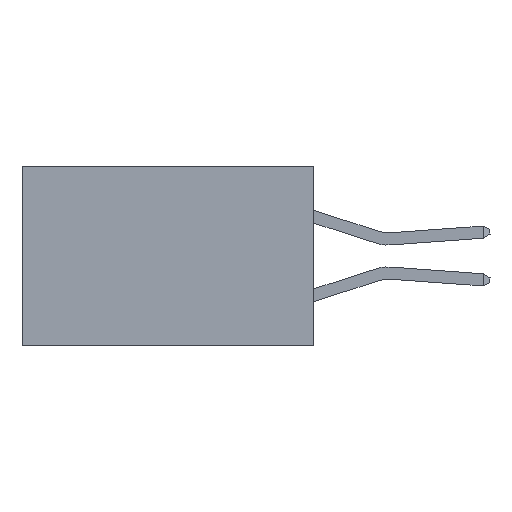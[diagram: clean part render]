
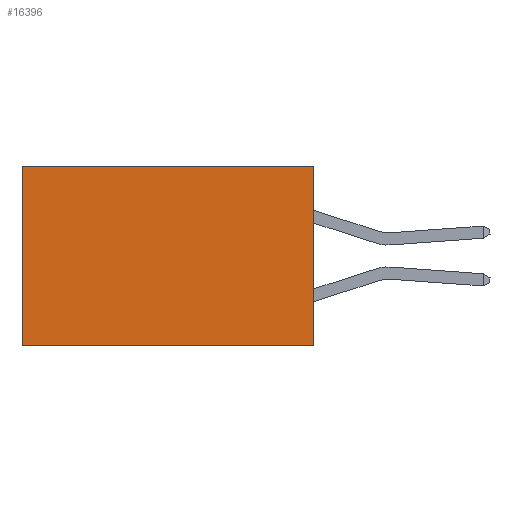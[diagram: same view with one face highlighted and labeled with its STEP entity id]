
A CAD part, left-side view. The second image highlights one B-rep face of the part: STEP entity #16396.
In plain terms, the highlighted planar face has unit normal (-1, 0, 0).
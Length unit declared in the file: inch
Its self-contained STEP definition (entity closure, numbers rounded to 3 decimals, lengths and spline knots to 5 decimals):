
#213 = EDGE_CURVE ( 'NONE', #22563, #36010, #9030, .T. ) ;
#700 = DIRECTION ( 'NONE',  ( 0., 0., -1. ) ) ;
#2733 = VERTEX_POINT ( 'NONE', #5442 ) ;
#2784 = DIRECTION ( 'NONE',  ( 0., 1., 0. ) ) ;
#3102 = PLANE ( 'NONE',  #30044 ) ;
#3269 = VECTOR ( 'NONE', #25458, 39.37008 ) ;
#4264 = LINE ( 'NONE', #16354, #3269 ) ;
#5442 = CARTESIAN_POINT ( 'NONE',  ( 0.2875, 0., -0.37 ) ) ;
#9030 = LINE ( 'NONE', #14885, #16341 ) ;
#11345 = VECTOR ( 'NONE', #700, 39.37008 ) ;
#14885 = CARTESIAN_POINT ( 'NONE',  ( 0.2875, 0.6, 0. ) ) ;
#14996 = ORIENTED_EDGE ( 'NONE', *, *, #16575, .F. ) ;
#15695 = DIRECTION ( 'NONE',  ( 1., 0., 0. ) ) ;
#16341 = VECTOR ( 'NONE', #28535, 39.37008 ) ;
#16354 = CARTESIAN_POINT ( 'NONE',  ( 0.2875, 0., -0.37 ) ) ;
#16396 = ADVANCED_FACE ( 'NONE', ( #32734 ), #3102, .F. ) ;
#16575 = EDGE_CURVE ( 'NONE', #2733, #36010, #4264, .T. ) ;
#19403 = CARTESIAN_POINT ( 'NONE',  ( 0.2875, 0., 0. ) ) ;
#20030 = EDGE_CURVE ( 'NONE', #21985, #22563, #20406, .T. ) ;
#20406 = LINE ( 'NONE', #24407, #35639 ) ;
#21985 = VERTEX_POINT ( 'NONE', #24361 ) ;
#22415 = ORIENTED_EDGE ( 'NONE', *, *, #213, .T. ) ;
#22563 = VERTEX_POINT ( 'NONE', #29879 ) ;
#23566 = EDGE_CURVE ( 'NONE', #21985, #2733, #38694, .T. ) ;
#24361 = CARTESIAN_POINT ( 'NONE',  ( 0.2875, 0., 0. ) ) ;
#24407 = CARTESIAN_POINT ( 'NONE',  ( 0.2875, 0., 0. ) ) ;
#25458 = DIRECTION ( 'NONE',  ( 0., 1., 0. ) ) ;
#26955 = ORIENTED_EDGE ( 'NONE', *, *, #23566, .F. ) ;
#27003 = CARTESIAN_POINT ( 'NONE',  ( 0.2875, 0., 0. ) ) ;
#28535 = DIRECTION ( 'NONE',  ( 0., 0., -1. ) ) ;
#29879 = CARTESIAN_POINT ( 'NONE',  ( 0.2875, 0.6, 0. ) ) ;
#30044 = AXIS2_PLACEMENT_3D ( 'NONE', #27003, #15695, #37033 ) ;
#30418 = EDGE_LOOP ( 'NONE', ( #22415, #14996, #26955, #32260 ) ) ;
#32260 = ORIENTED_EDGE ( 'NONE', *, *, #20030, .T. ) ;
#32644 = CARTESIAN_POINT ( 'NONE',  ( 0.2875, 0.6, -0.37 ) ) ;
#32734 = FACE_OUTER_BOUND ( 'NONE', #30418, .T. ) ;
#35639 = VECTOR ( 'NONE', #2784, 39.37008 ) ;
#36010 = VERTEX_POINT ( 'NONE', #32644 ) ;
#37033 = DIRECTION ( 'NONE',  ( 0., 0., -1. ) ) ;
#38694 = LINE ( 'NONE', #19403, #11345 ) ;
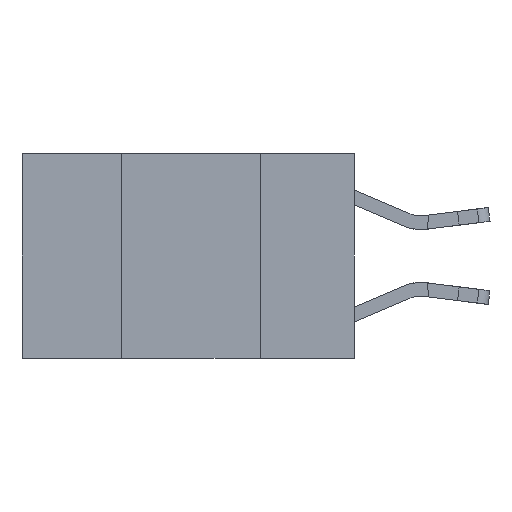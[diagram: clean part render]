
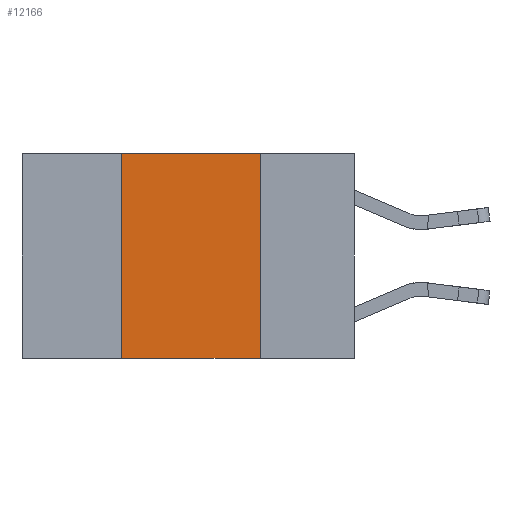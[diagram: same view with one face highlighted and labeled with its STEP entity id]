
A CAD part, left-side view. The second image highlights one B-rep face of the part: STEP entity #12166.
In plain terms, the highlighted planar face has unit normal (-1, 0, 0).
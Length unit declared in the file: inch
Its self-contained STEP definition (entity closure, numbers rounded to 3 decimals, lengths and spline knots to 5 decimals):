
#461 = EDGE_CURVE ( 'NONE', #20205, #12961, #18136, .T. ) ;
#525 = VECTOR ( 'NONE', #20339, 39.37008 ) ;
#1005 = CARTESIAN_POINT ( 'NONE',  ( 0., 0.17, -0.37 ) ) ;
#1347 = ORIENTED_EDGE ( 'NONE', *, *, #8462, .F. ) ;
#2122 = PLANE ( 'NONE',  #2619 ) ;
#2191 = DIRECTION ( 'NONE',  ( 0., 0., -1. ) ) ;
#2619 = AXIS2_PLACEMENT_3D ( 'NONE', #19766, #11817, #2191 ) ;
#3172 = LINE ( 'NONE', #17281, #19174 ) ;
#5739 = ORIENTED_EDGE ( 'NONE', *, *, #13558, .F. ) ;
#7451 = VERTEX_POINT ( 'NONE', #18464 ) ;
#7615 = EDGE_LOOP ( 'NONE', ( #1347, #5739, #14705, #19930 ) ) ;
#7695 = CARTESIAN_POINT ( 'NONE',  ( 0., 0.6, 0. ) ) ;
#8462 = EDGE_CURVE ( 'NONE', #16756, #12961, #13163, .T. ) ;
#8586 = CARTESIAN_POINT ( 'NONE',  ( 0., 0.17, 0. ) ) ;
#9190 = CARTESIAN_POINT ( 'NONE',  ( 0., 0.6, -0.37 ) ) ;
#9269 = DIRECTION ( 'NONE',  ( 0., -1., 0. ) ) ;
#11817 = DIRECTION ( 'NONE',  ( 1., 0., 0. ) ) ;
#12166 = ADVANCED_FACE ( 'NONE', ( #15539 ), #2122, .F. ) ;
#12586 = DIRECTION ( 'NONE',  ( 0., 0., 1. ) ) ;
#12643 = VECTOR ( 'NONE', #14460, 39.37008 ) ;
#12961 = VERTEX_POINT ( 'NONE', #1005 ) ;
#13037 = LINE ( 'NONE', #7695, #20511 ) ;
#13163 = LINE ( 'NONE', #16068, #12643 ) ;
#13558 = EDGE_CURVE ( 'NONE', #7451, #16756, #13037, .T. ) ;
#14460 = DIRECTION ( 'NONE',  ( 0., 0., -1. ) ) ;
#14705 = ORIENTED_EDGE ( 'NONE', *, *, #15738, .F. ) ;
#15539 = FACE_OUTER_BOUND ( 'NONE', #7615, .T. ) ;
#15738 = EDGE_CURVE ( 'NONE', #20205, #7451, #3172, .T. ) ;
#16068 = CARTESIAN_POINT ( 'NONE',  ( 0., 0.17, 0. ) ) ;
#16756 = VERTEX_POINT ( 'NONE', #8586 ) ;
#17281 = CARTESIAN_POINT ( 'NONE',  ( 0., 0.42, 0. ) ) ;
#18136 = LINE ( 'NONE', #9190, #525 ) ;
#18464 = CARTESIAN_POINT ( 'NONE',  ( 0., 0.42, 0. ) ) ;
#19174 = VECTOR ( 'NONE', #12586, 39.37008 ) ;
#19298 = CARTESIAN_POINT ( 'NONE',  ( 0., 0.42, -0.37 ) ) ;
#19766 = CARTESIAN_POINT ( 'NONE',  ( 0., 0.6, 0. ) ) ;
#19930 = ORIENTED_EDGE ( 'NONE', *, *, #461, .T. ) ;
#20205 = VERTEX_POINT ( 'NONE', #19298 ) ;
#20339 = DIRECTION ( 'NONE',  ( 0., -1., 0. ) ) ;
#20511 = VECTOR ( 'NONE', #9269, 39.37008 ) ;
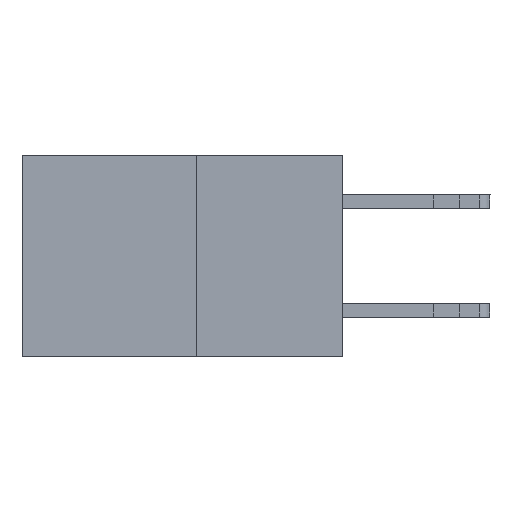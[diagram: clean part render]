
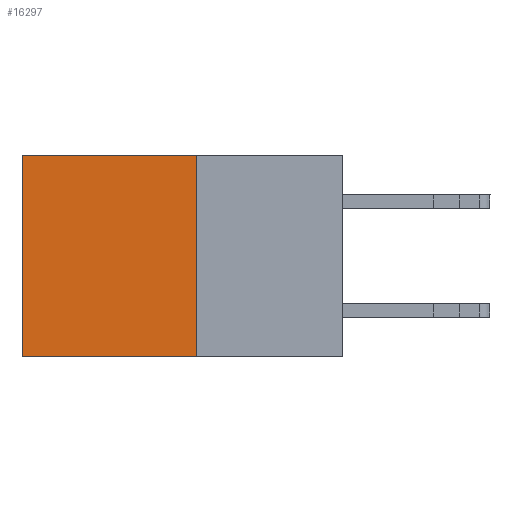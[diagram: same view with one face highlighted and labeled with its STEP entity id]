
A CAD part, left-side view. The second image highlights one B-rep face of the part: STEP entity #16297.
In plain terms, the highlighted planar face has unit normal (-1, 0, 0).
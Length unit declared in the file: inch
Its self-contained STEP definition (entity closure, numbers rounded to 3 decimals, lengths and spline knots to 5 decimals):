
#4 = ORIENTED_EDGE ( 'NONE', *, *, #9563, .T. ) ;
#666 = VERTEX_POINT ( 'NONE', #14573 ) ;
#776 = VERTEX_POINT ( 'NONE', #9864 ) ;
#1526 = FACE_OUTER_BOUND ( 'NONE', #17539, .T. ) ;
#1597 = AXIS2_PLACEMENT_3D ( 'NONE', #2829, #7751, #18954 ) ;
#1917 = CARTESIAN_POINT ( 'NONE',  ( 0.277, 0.59, -0.37 ) ) ;
#2200 = LINE ( 'NONE', #18842, #11313 ) ;
#2829 = CARTESIAN_POINT ( 'NONE',  ( 0.277, 0.27, -0.37 ) ) ;
#2885 = CARTESIAN_POINT ( 'NONE',  ( 0.277, 0.59, -0.37 ) ) ;
#2976 = CARTESIAN_POINT ( 'NONE',  ( 0.277, 0.27, -0.37 ) ) ;
#3537 = DIRECTION ( 'NONE',  ( 0., 0., -1. ) ) ;
#4306 = LINE ( 'NONE', #1917, #12339 ) ;
#4597 = DIRECTION ( 'NONE',  ( 0., 1., 0. ) ) ;
#7751 = DIRECTION ( 'NONE',  ( 1., 0., 0. ) ) ;
#7988 = DIRECTION ( 'NONE',  ( 0., 1., 0. ) ) ;
#8014 = CARTESIAN_POINT ( 'NONE',  ( 0.277, 0.27, 0. ) ) ;
#8631 = VECTOR ( 'NONE', #4597, 39.37008 ) ;
#9563 = EDGE_CURVE ( 'NONE', #776, #14095, #16618, .T. ) ;
#9864 = CARTESIAN_POINT ( 'NONE',  ( 0.277, 0.27, 0. ) ) ;
#11313 = VECTOR ( 'NONE', #12417, 39.37008 ) ;
#11386 = VECTOR ( 'NONE', #7988, 39.37008 ) ;
#11758 = EDGE_CURVE ( 'NONE', #776, #666, #2200, .T. ) ;
#12339 = VECTOR ( 'NONE', #3537, 39.37008 ) ;
#12417 = DIRECTION ( 'NONE',  ( 0., 0., -1. ) ) ;
#12464 = PLANE ( 'NONE',  #1597 ) ;
#14095 = VERTEX_POINT ( 'NONE', #16983 ) ;
#14573 = CARTESIAN_POINT ( 'NONE',  ( 0.277, 0.27, -0.37 ) ) ;
#15154 = EDGE_CURVE ( 'NONE', #14095, #19645, #4306, .T. ) ;
#16297 = ADVANCED_FACE ( 'NONE', ( #1526 ), #12464, .F. ) ;
#16335 = EDGE_CURVE ( 'NONE', #666, #19645, #17106, .T. ) ;
#16618 = LINE ( 'NONE', #8014, #11386 ) ;
#16983 = CARTESIAN_POINT ( 'NONE',  ( 0.277, 0.59, 0. ) ) ;
#17106 = LINE ( 'NONE', #2976, #8631 ) ;
#17539 = EDGE_LOOP ( 'NONE', ( #20058, #20286, #20512, #4 ) ) ;
#18842 = CARTESIAN_POINT ( 'NONE',  ( 0.277, 0.27, -0.37 ) ) ;
#18954 = DIRECTION ( 'NONE',  ( 0., 0., -1. ) ) ;
#19645 = VERTEX_POINT ( 'NONE', #2885 ) ;
#20058 = ORIENTED_EDGE ( 'NONE', *, *, #15154, .T. ) ;
#20286 = ORIENTED_EDGE ( 'NONE', *, *, #16335, .F. ) ;
#20512 = ORIENTED_EDGE ( 'NONE', *, *, #11758, .F. ) ;
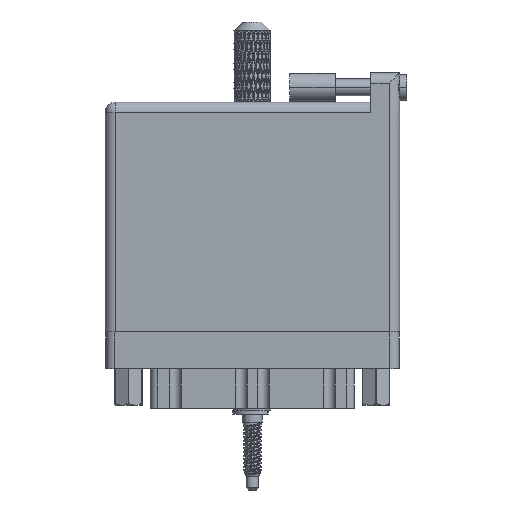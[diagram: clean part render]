
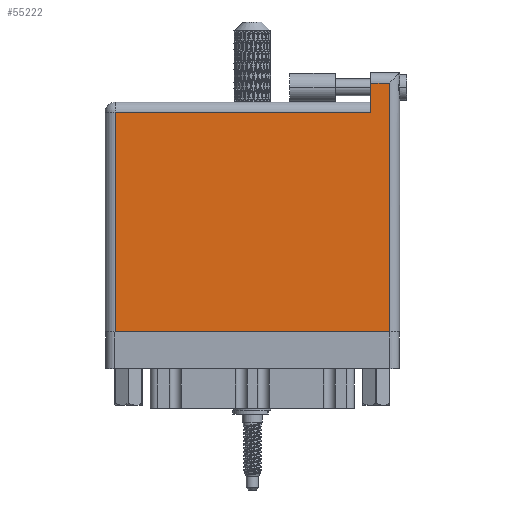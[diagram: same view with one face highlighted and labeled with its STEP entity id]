
A CAD part, front view. The second image highlights one B-rep face of the part: STEP entity #55222.
In plain terms, the highlighted face is planar.
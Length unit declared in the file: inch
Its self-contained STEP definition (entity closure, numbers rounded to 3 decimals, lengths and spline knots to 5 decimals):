
#7451 = VECTOR ( 'NONE', #83951, 39.37008 ) ;
#13881 = VECTOR ( 'NONE', #79802, 39.37008 ) ;
#14160 = ORIENTED_EDGE ( 'NONE', *, *, #61479, .T. ) ;
#14176 = CARTESIAN_POINT ( 'NONE',  ( 1.938, 1.696, 0. ) ) ;
#14202 = CARTESIAN_POINT ( 'NONE',  ( 0., 1.696, 0. ) ) ;
#20730 = CARTESIAN_POINT ( 'NONE',  ( 1.938, 0., 0. ) ) ;
#24779 = EDGE_LOOP ( 'NONE', ( #107266, #109684, #99588, #92555, #14160, #30126 ) ) ;
#25611 = LINE ( 'NONE', #14202, #7451 ) ;
#25670 = CARTESIAN_POINT ( 'NONE',  ( 0., 0., 0. ) ) ;
#25862 = DIRECTION ( 'NONE',  ( 0., -1., 0. ) ) ;
#27217 = VECTOR ( 'NONE', #52463, 39.37008 ) ;
#30126 = ORIENTED_EDGE ( 'NONE', *, *, #104070, .T. ) ;
#30572 = VERTEX_POINT ( 'NONE', #63981 ) ;
#33616 = CARTESIAN_POINT ( 'NONE',  ( 1.811, 1.696, 0. ) ) ;
#36094 = LINE ( 'NONE', #62435, #112662 ) ;
#40999 = FACE_OUTER_BOUND ( 'NONE', #24779, .T. ) ;
#41168 = VERTEX_POINT ( 'NONE', #14176 ) ;
#43364 = LINE ( 'NONE', #25670, #48576 ) ;
#43987 = LINE ( 'NONE', #52009, #86897 ) ;
#46303 = VERTEX_POINT ( 'NONE', #33616 ) ;
#48576 = VECTOR ( 'NONE', #60547, 39.37008 ) ;
#49582 = DIRECTION ( 'NONE',  ( 0., 0., -1. ) ) ;
#52009 = CARTESIAN_POINT ( 'NONE',  ( 1.938, 1.766, 0. ) ) ;
#52463 = DIRECTION ( 'NONE',  ( 0., -1., 0. ) ) ;
#55222 = ADVANCED_FACE ( 'NONE', ( #40999 ), #58740, .F. ) ;
#58740 = PLANE ( 'NONE',  #60353 ) ;
#60353 = AXIS2_PLACEMENT_3D ( 'NONE', #76414, #49582, #75856 ) ;
#60547 = DIRECTION ( 'NONE',  ( 1., 0., 0. ) ) ;
#61479 = EDGE_CURVE ( 'NONE', #89717, #113052, #80942, .T. ) ;
#61968 = EDGE_CURVE ( 'NONE', #72355, #41168, #43987, .T. ) ;
#62435 = CARTESIAN_POINT ( 'NONE',  ( 1.811, 1.766, 0. ) ) ;
#63981 = CARTESIAN_POINT ( 'NONE',  ( 0.07, 0., 0. ) ) ;
#66932 = CARTESIAN_POINT ( 'NONE',  ( 1.811, 1.496, 0. ) ) ;
#68458 = EDGE_CURVE ( 'NONE', #46303, #89717, #36094, .T. ) ;
#72355 = VERTEX_POINT ( 'NONE', #20730 ) ;
#72891 = EDGE_CURVE ( 'NONE', #30572, #72355, #43364, .T. ) ;
#75856 = DIRECTION ( 'NONE',  ( -1., 0., 0. ) ) ;
#76414 = CARTESIAN_POINT ( 'NONE',  ( 0., 1.566, 0. ) ) ;
#79802 = DIRECTION ( 'NONE',  ( -1., 0., 0. ) ) ;
#80942 = LINE ( 'NONE', #106075, #13881 ) ;
#83951 = DIRECTION ( 'NONE',  ( -1., 0., 0. ) ) ;
#86852 = DIRECTION ( 'NONE',  ( 0., 1., 0. ) ) ;
#86897 = VECTOR ( 'NONE', #86852, 39.37008 ) ;
#89717 = VERTEX_POINT ( 'NONE', #66932 ) ;
#90596 = CARTESIAN_POINT ( 'NONE',  ( 0.07, 1.496, 0. ) ) ;
#92555 = ORIENTED_EDGE ( 'NONE', *, *, #68458, .T. ) ;
#95873 = CARTESIAN_POINT ( 'NONE',  ( 0.07, 0., 0. ) ) ;
#96255 = EDGE_CURVE ( 'NONE', #41168, #46303, #25611, .T. ) ;
#99588 = ORIENTED_EDGE ( 'NONE', *, *, #96255, .T. ) ;
#104070 = EDGE_CURVE ( 'NONE', #113052, #30572, #105010, .T. ) ;
#105010 = LINE ( 'NONE', #95873, #27217 ) ;
#106075 = CARTESIAN_POINT ( 'NONE',  ( 0., 1.496, 0. ) ) ;
#107266 = ORIENTED_EDGE ( 'NONE', *, *, #72891, .T. ) ;
#109684 = ORIENTED_EDGE ( 'NONE', *, *, #61968, .T. ) ;
#112662 = VECTOR ( 'NONE', #25862, 39.37008 ) ;
#113052 = VERTEX_POINT ( 'NONE', #90596 ) ;

▬▬▬

Beginning at the line above with "#46303 = VERTEX_POINT ( 'NONE', #33616 ) ;" and finishing at the line with "#60547 = DIRECTION", return each line exactly and return nothing else.

§ TASK ANSWER
#46303 = VERTEX_POINT ( 'NONE', #33616 ) ;
#48576 = VECTOR ( 'NONE', #60547, 39.37008 ) ;
#49582 = DIRECTION ( 'NONE',  ( 0., 0., -1. ) ) ;
#52009 = CARTESIAN_POINT ( 'NONE',  ( 1.938, 1.766, 0. ) ) ;
#52463 = DIRECTION ( 'NONE',  ( 0., -1., 0. ) ) ;
#55222 = ADVANCED_FACE ( 'NONE', ( #40999 ), #58740, .F. ) ;
#58740 = PLANE ( 'NONE',  #60353 ) ;
#60353 = AXIS2_PLACEMENT_3D ( 'NONE', #76414, #49582, #75856 ) ;
#60547 = DIRECTION ( 'NONE',  ( 1., 0., 0. ) ) ;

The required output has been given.